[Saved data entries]
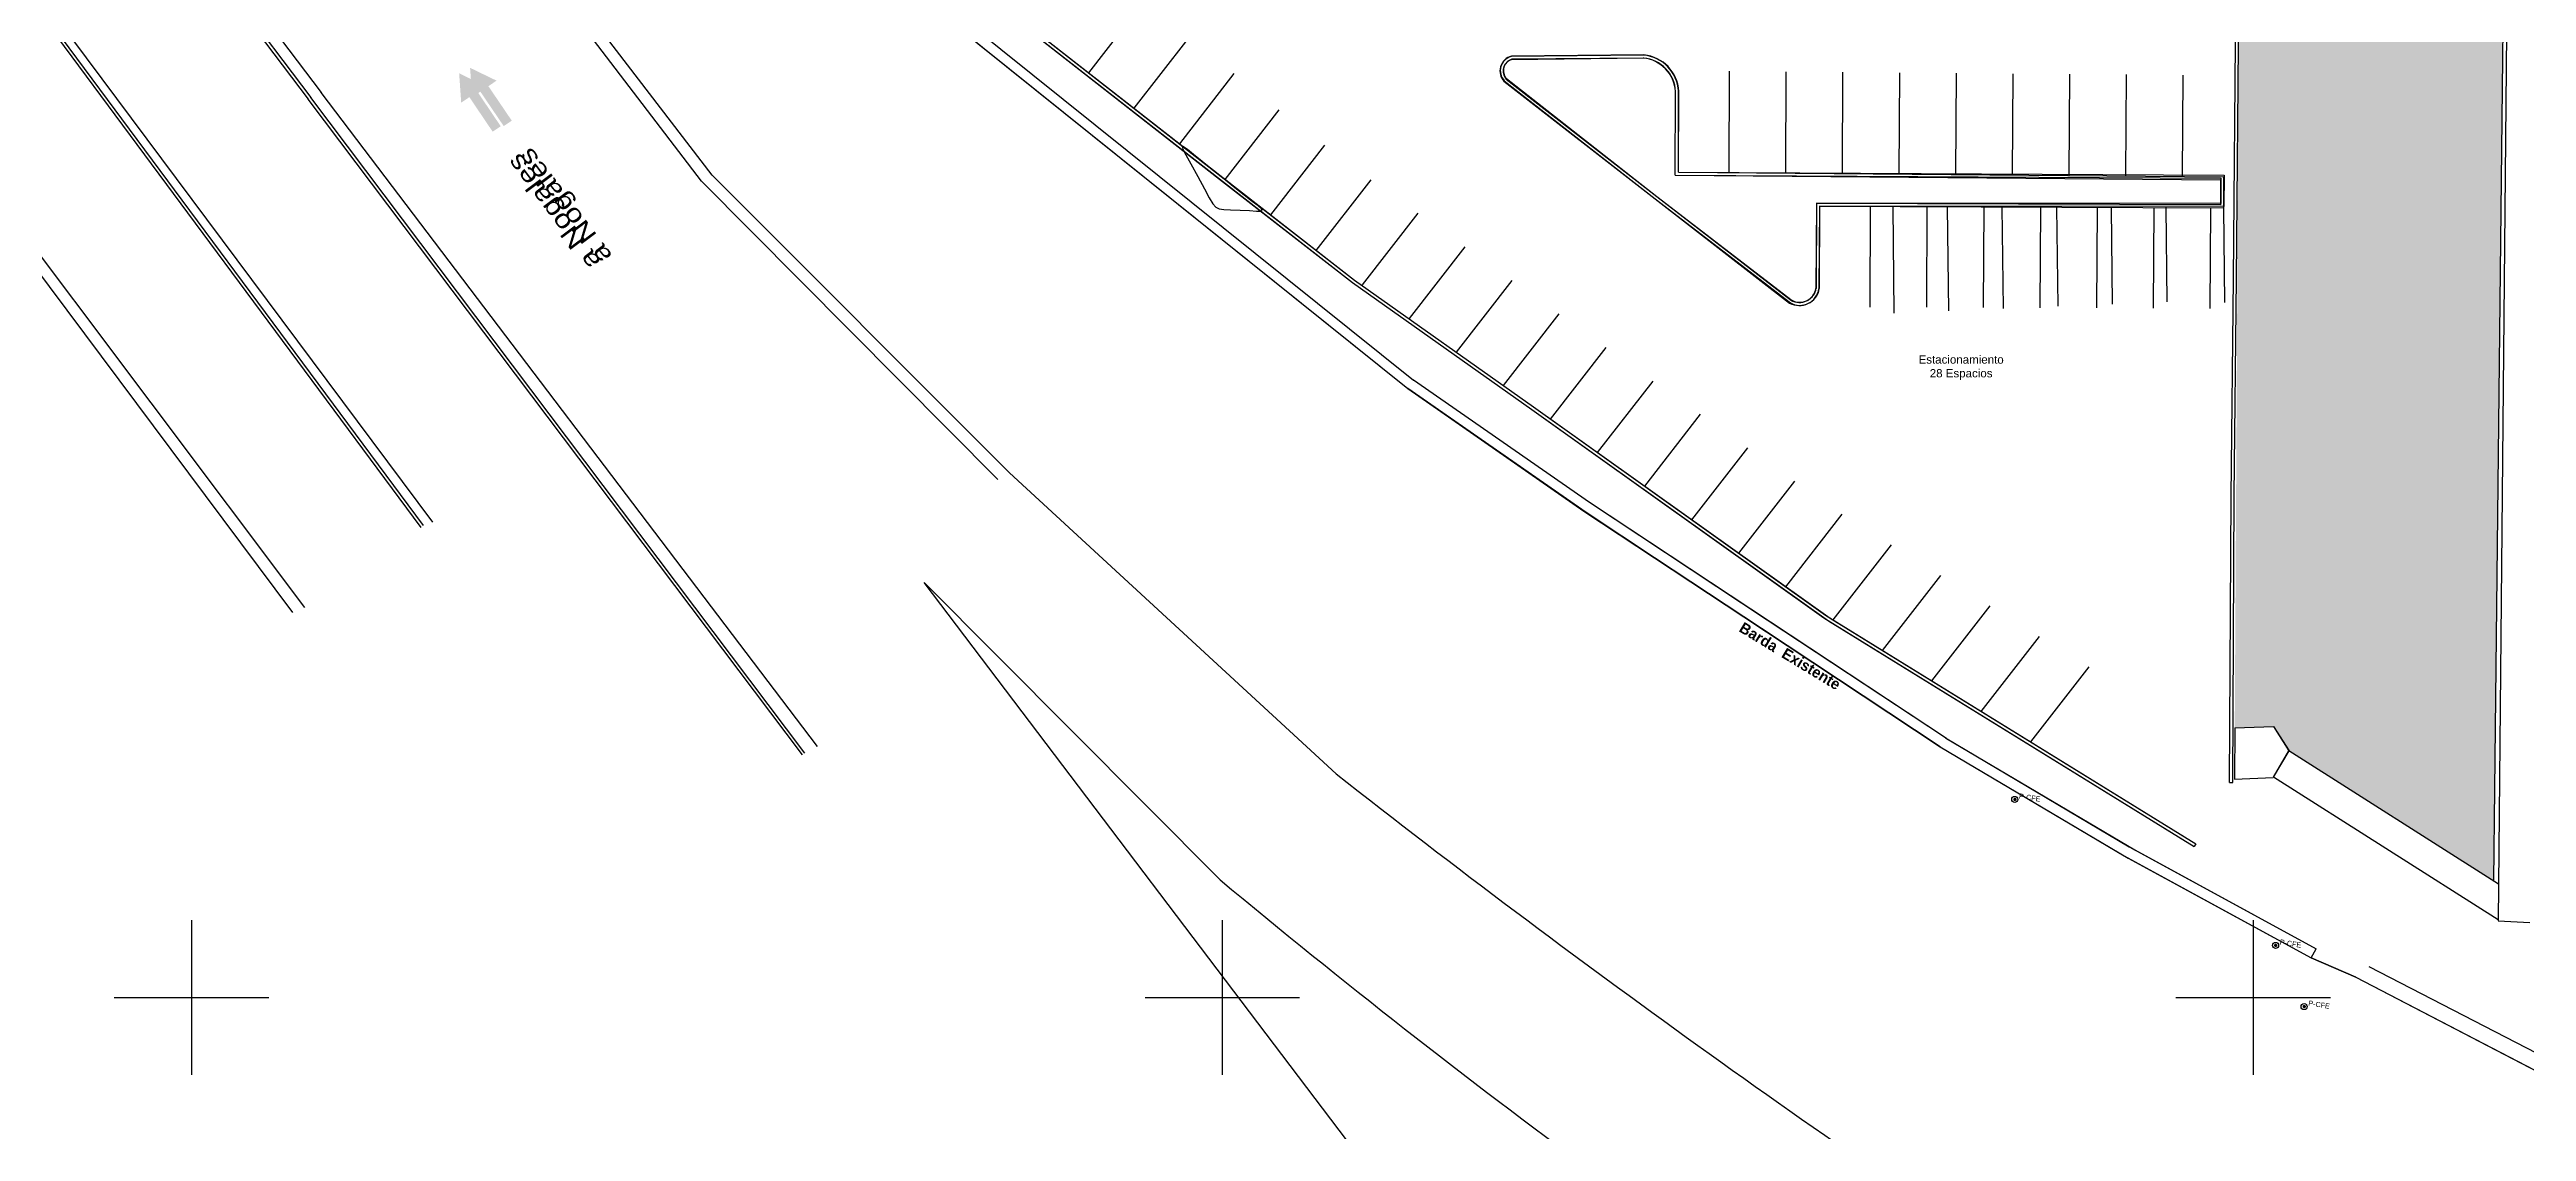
# Model space of a CAD drawing. Header units: millimetres. Extents: x 793 to 3159, y 750 to 2095.
# Drawn here: x 1220.2 to 1340.3, y 819.4 to 871.9 of the extents above; entities that cross this region are included whole.
import ezdxf

# ---------------------------------------------------------------- set-up
doc = ezdxf.new("R2010")
doc.units = ezdxf.units.MM
doc.linetypes.add('CONTINUA', pattern=[0])
for name, color, linetype in [('A-BANQUETA', 8, 'Continuous'), ('A-MURO-BAJO', 6, 'Continuous'), ('A-PROY', 252, 'Continuous'), ('A-TEXTO', 2, 'Continuous'), ('A-VEGETACION', 65, 'Continuous'), ('barda existente', 240, 'Continuous'), ('cerco de malla', 7, 'Continuous'), ('CONCRETOS', 64, 'Continuous'), ('CURVG01', 22, 'Continuous'), ('ESTACIONAMIENTO', 8, 'Continuous'), ('GUAR', 123, 'Continuous'), ('GUARNICIONES', 8, 'Continuous'), ('limite de carretera', 9, 'Continuous'), ('LINEAS DE PAVIEMENTOS', 9, 'Continuous'), ('poligono real existente', 210, 'Continuous'), ('poste-cfe', 7, 'Continuous'), ('RETUTM01', 8, 'Continuous'), ('VERTICES', 210, 'Continuous')]:
    doc.layers.add(name, color=color, linetype=linetype)
doc.styles.add('kobalt', font='arial.ttf', dxfattribs={"height": 0.15})
doc.styles.add('ROMANS', font='arial.ttf')
doc.styles.get("Standard").update_dxf_attribs({"font": 'arial.ttf'})
doc.styles.add('TEXTOS', font='cityb___.ttf', dxfattribs={"height": 0.25})
doc.styles.add('VERTICES', font='arial.ttf', dxfattribs={"height": 0.5})
doc.linetypes.add('RAYACONTDIAG', pattern='A,0.8,["/",Standard,S=0.08,R=0,X=0.025,Y=-0.04],0', length=0.8)
doc.linetypes.add('RAYACONTX', pattern='A,0.8,["X",Standard,S=0.08,R=0,X=0.025,Y=-0.04],0', length=0.8)

# ---------------------------------------------------------------- blocks, each defined once
blk = doc.blocks.new('A$C6A1540C3')
at = {"layer": 'RETUTM01', "color": 8, "linetype": 'Continuous'}
for p, q in [((3.75, 7.5), (3.75, 0)), ((0, 3.75), (7.5, 3.75))]:
    blk.add_line(p, q, dxfattribs=at)
blk = doc.blocks.new('A$C30DD0818')
at = {"layer": 'poste-cfe'}
blk.add_hatch(color=256, dxfattribs=at).paths.add_polyline_path([(0.11, 0.08, 1), (0.19, 0.22, 1)])
blk.add_circle((0.15, 0.15, 100.45), 0.15, dxfattribs=at)
at = {"layer": 'poste-cfe', "style": 'ROMANS'}
blk.add_text('P-CFE', height=0.25, dxfattribs=at).set_placement((0.33, 0.23, 100.39))

msp = doc.modelspace()

# ---------------------------------------------------------------- hatches: boundary and pattern name
at = {"layer": 'A-VEGETACION', "linetype": 'CONTINUA'}
h = msp.add_hatch(dxfattribs=at)
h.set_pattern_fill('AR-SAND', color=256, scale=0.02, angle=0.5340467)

Required work:
For each line in the data that contains the string "styles", give a copy of that line.

Written answer:
doc.styles.add('kobalt', font='arial.ttf', dxfattribs={"height": 0.15})
doc.styles.add('ROMANS', font='arial.ttf')
doc.styles.get("Standard").update_dxf_attribs({"font": 'arial.ttf'})
doc.styles.add('TEXTOS', font='cityb___.ttf', dxfattribs={"height": 0.25})
doc.styles.add('VERTICES', font='arial.ttf', dxfattribs={"height": 0.5})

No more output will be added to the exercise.